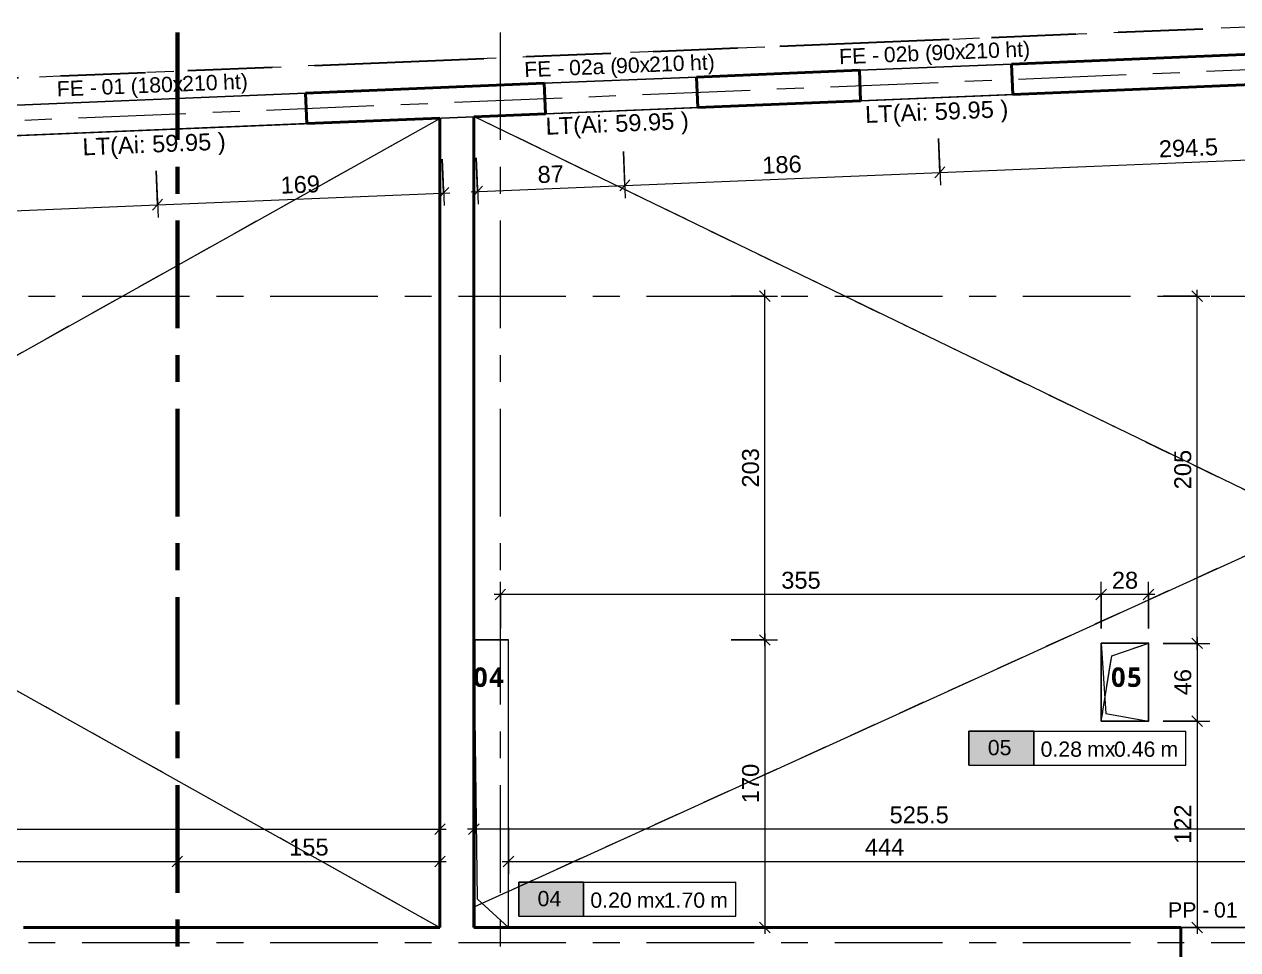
# Model space of a CAD drawing. Header units: metres. Extents: x 399 to 3028, y -427 to 863.
# Drawn here: x 412.21 to 419.37, y -388.79 to -383.32 of the extents above; entities that cross this region are included whole.
import ezdxf

# ---------------------------------------------------------------- set-up
doc = ezdxf.new("R2010")
doc.units = ezdxf.units.M
for name, pattern in [('Double tiret', [2.75, 1, -0.25, 0.5, -0.25, 0.5, -0.25]), ('Ligne de quadrillage', [1.11125, 0.635, -0.15875, 0.15875, -0.15875]), ('Tiret', [0.3175, 0.15875, -0.15875])]:
    doc.linetypes.add(name, pattern=pattern)
for name, color, linetype, lineweight in [('02-Gaines numerotées_Stylo_No__83', 7, 'Continuous', 18), ('A-ANNO-DIMS', 211, 'Continuous', 9), ('A-ANNO-DIMS-50', 211, 'Continuous', 9), ('A-DETL', 90, 'Continuous', 18), ('A-DETL-GENF', 92, 'Continuous', 18), ('A-DOOR-IDEN', 31, 'Continuous', 18), ('A-FLOR', 192, 'Continuous', 18), ('A-GENM', 13, 'Continuous', 18), ('A-GENM-IDEN', 13, 'Continuous', 18), ('A-GLAZ-IDEN', 152, 'Continuous', 18), ('A-WALL', 113, 'Continuous', 18), ('G-ANNO-DIMS', 111, 'Continuous', 9), ('L-SITE', 91, 'Double tiret', 35), ('R_1 - Openings_dwg', 8, 'Continuous', 18), ('S-GRID', 1, 'Continuous', 9)]:
    doc.layers.add(name, color=color, linetype=linetype, lineweight=lineweight)
doc.styles.add('Arial', font='arial.ttf', dxfattribs={"height": 0.1})
doc.styles.add('Arial_6', font='arial.ttf', dxfattribs={"height": 0.09})
doc.styles.add('Malgun Gothic Semilight_B', font='', dxfattribs={"height": 0.115})
doc.styles.get('Malgun Gothic Semilight_B').set_extended_font_data('Malgun Gothic Semilight', bold=True)
doc.dimstyles.new('AES-_COTATION_1_50', dxfattribs={"dimscale": 0.3048, "dimtxt": 0.102026, "dimasz": 0.205052, "dimexe": 0.246063, "dimexo": 0.0625, "dimgap": 0.016404, "dimtad": 1, "dimdec": 1, "dimlfac": 100, "dimrnd": 0.5, "dimdsep": 46, "dimtxsty": 'Arial', "dimblk1": 'OBLIQUE', "dimblk2": 'OBLIQUE', "dimsah": 1, "dimcen": 0.09, "dimdle": 0.123031, "dimazin": 0, "dimtfac": 1, "dimtdec": 4, "dimtix": 1, "dimtmove": 0, "dimatfit": 3, "dimfxl": 0.656168, "dimfxlon": 1, "dimtvp": 1, "dimtolj": 1, "dimtzin": 0, "dimarcsym": 2})
doc.dimstyles.new('AES-_COTATION_1_50_2', dxfattribs={"dimscale": 0.3048, "dimtxt": 0.102026, "dimasz": 0.205052, "dimexe": 0.246063, "dimexo": 0.0625, "dimgap": 0.016404, "dimtad": 1, "dimdec": 1, "dimlfac": 100, "dimrnd": 0.5, "dimdsep": 46, "dimtxsty": 'Arial', "dimblk1": 'OBLIQUE', "dimblk2": 'OBLIQUE', "dimsah": 1, "dimcen": 0.09, "dimdle": 0.123031, "dimazin": 0, "dimtfac": 1, "dimtdec": 4, "dimtix": 1, "dimtmove": 0, "dimatfit": 3, "dimfxl": 0.656168, "dimfxlon": 1, "dimtvp": 1, "dimtolj": 1, "dimtzin": 0, "dimarcsym": 2})
doc.dimstyles.new('AES-_COTATION_1_50_3', dxfattribs={"dimscale": 0.3048, "dimtxt": 0.102026, "dimasz": 0.205052, "dimexe": 0.246063, "dimexo": 0.0625, "dimgap": 0.016404, "dimtad": 1, "dimdec": 1, "dimlfac": 100, "dimrnd": 0.5, "dimdsep": 46, "dimtxsty": 'Arial', "dimblk1": 'OBLIQUE', "dimblk2": 'OBLIQUE', "dimsah": 1, "dimcen": 0.09, "dimdle": 0.123031, "dimazin": 0, "dimtfac": 1, "dimtdec": 4, "dimtix": 1, "dimtmove": 0, "dimatfit": 3, "dimfxl": 0.656168, "dimfxlon": 1, "dimtvp": 1, "dimtolj": 1, "dimtzin": 0, "dimarcsym": 2})

# ---------------------------------------------------------------- blocks, each defined once
blk = doc.blocks.new('VAU_Réservation_Rectangulaire1 - VAU_Réservation_Rectangulaire-1301285-AES_EXE_BET_TZ_R_1_COF_0100-Plan coffrage PH R_1 Diffusion')
at = {"layer": 'A-DETL-GENF'}
for p, q in [((-0.14, 0.23), (-0.14, -0.23)), ((-0.14, 0.23), (0.14, 0.23)), ((0.14, 0.23), (-0.14, 0.23)), ((-0.14, 0.23), (-0.14, -0.23)), ((-0.112, 0.184), (0.14, 0.23)), ((0.14, 0.23), (0.14, -0.23)), ((-0.14, -0.23), (-0.112, 0.184)), ((-0.14, -0.23), (0.14, -0.23))]:
    blk.add_line(p, q, dxfattribs=at)
blk = doc.blocks.new('VAU_Réservation_Rectangulaire1 - VAU_Réservation_Rectangulaire-1301373-AES_EXE_BET_TZ_R_1_COF_0100-Plan coffrage PH R_1 Diffusion')
at = {"layer": 'A-DETL-GENF'}
for p, q in [((-0.1024, 0.8488), (0.1024, 0.8488)), ((0.1024, 0.8488), (-0.1024, 0.8488)), ((-0.1024, 0.8487), (-0.1024, -0.8488)), ((-0.1024, 0.8487), (-0.1024, -0.8488)), ((-0.0819, 0.679), (0.1022, 0.8487)), ((0.1024, 0.8487), (0.1024, -0.8488)), ((-0.1023, -0.8479), (-0.0819, 0.679)), ((-0.1024, -0.8488), (-0.1023, -0.8479)), ((-0.1023, -0.8488), (0.1024, -0.8488))]:
    blk.add_line(p, q, dxfattribs=at)
at = {"layer": 'A-GENM', "linetype": 'Tiret'}
blk.add_line((0.1023, 0.8487), (0.1024, 0.8488), dxfattribs=at)
blk = doc.blocks.new('Family - ___-883270-AES_EXE_BET_TZ_R_1_COF_0100-Plan coffrage PH R_1 Diffusion')
at = {"layer": 'A-DETL', "linetype": 'Tiret'}
blk.add_line((506.4718, -331.0937), (441.0484, -340.5755), dxfattribs=at)
at = {"layer": 'L-SITE'}
blk.add_line((506.4718, -331.0937), (441.0484, -340.5755), dxfattribs=at)
blk = doc.blocks.new('R_1 - Openings_dwg-817627-AES_EXE_BET_TZ_R_1_COF_0100-Plan coffrage PH R_1 Diffusion')
at = {"layer": '02-Gaines numerotées_Stylo_No__83', "flags": 128}
for points in [[(705.4782, -261.8755), (705.2041, -261.9326), (705.2979, -262.3829), (705.2792, -261.9918), (705.4782, -261.8755), (705.2041, -261.9326), (705.2979, -262.3829), (705.572, -262.3258)], [(701.7729, -262.6268), (701.5777, -262.6675), (701.9244, -264.3317), (702.1195, -264.2911)]]:
    blk.add_lwpolyline(points, close=True, dxfattribs=at)
at = {"layer": 'A-DETL', "linetype": 'Tiret', "flags": 128}
for points in [[(705.4782, -261.8755), (705.2041, -261.9326), (705.2979, -262.3829), (705.2792, -261.9918), (705.4782, -261.8755), (705.2041, -261.9326), (705.2979, -262.3829), (705.572, -262.3258)], [(701.7729, -262.6268), (701.5777, -262.6675), (701.9244, -264.3317), (702.1195, -264.2911)]]:
    blk.add_lwpolyline(points, close=True, dxfattribs=at)
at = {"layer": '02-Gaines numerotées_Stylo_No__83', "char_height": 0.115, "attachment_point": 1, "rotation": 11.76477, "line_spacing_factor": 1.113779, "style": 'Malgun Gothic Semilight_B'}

----------

*WHAT IS NEEDED:*
Look over the records above and copy each line that includes the string "color".

*RESULT OF THIS EXERCISE:*
for name, color, linetype, lineweight in [('02-Gaines numerotées_Stylo_No__83', 7, 'Continuous', 18), ('A-ANNO-DIMS', 211, 'Continuous', 9), ('A-ANNO-DIMS-50', 211, 'Continuous', 9), ('A-DETL', 90, 'Continuous', 18), ('A-DETL-GENF', 92, 'Continuous', 18), ('A-DOOR-IDEN', 31, 'Continuous', 18), ('A-FLOR', 192, 'Continuous', 18), ('A-GENM', 13, 'Continuous', 18), ('A-GENM-IDEN', 13, 'Continuous', 18), ('A-GLAZ-IDEN', 152, 'Continuous', 18), ('A-WALL', 113, 'Continuous', 18), ('G-ANNO-DIMS', 111, 'Continuous', 9), ('L-SITE', 91, 'Double tiret', 35), ('R_1 - Openings_dwg', 8, 'Continuous', 18), ('S-GRID', 1, 'Continuous', 9)]:
    doc.layers.add(name, color=color, linetype=linetype, lineweight=lineweight)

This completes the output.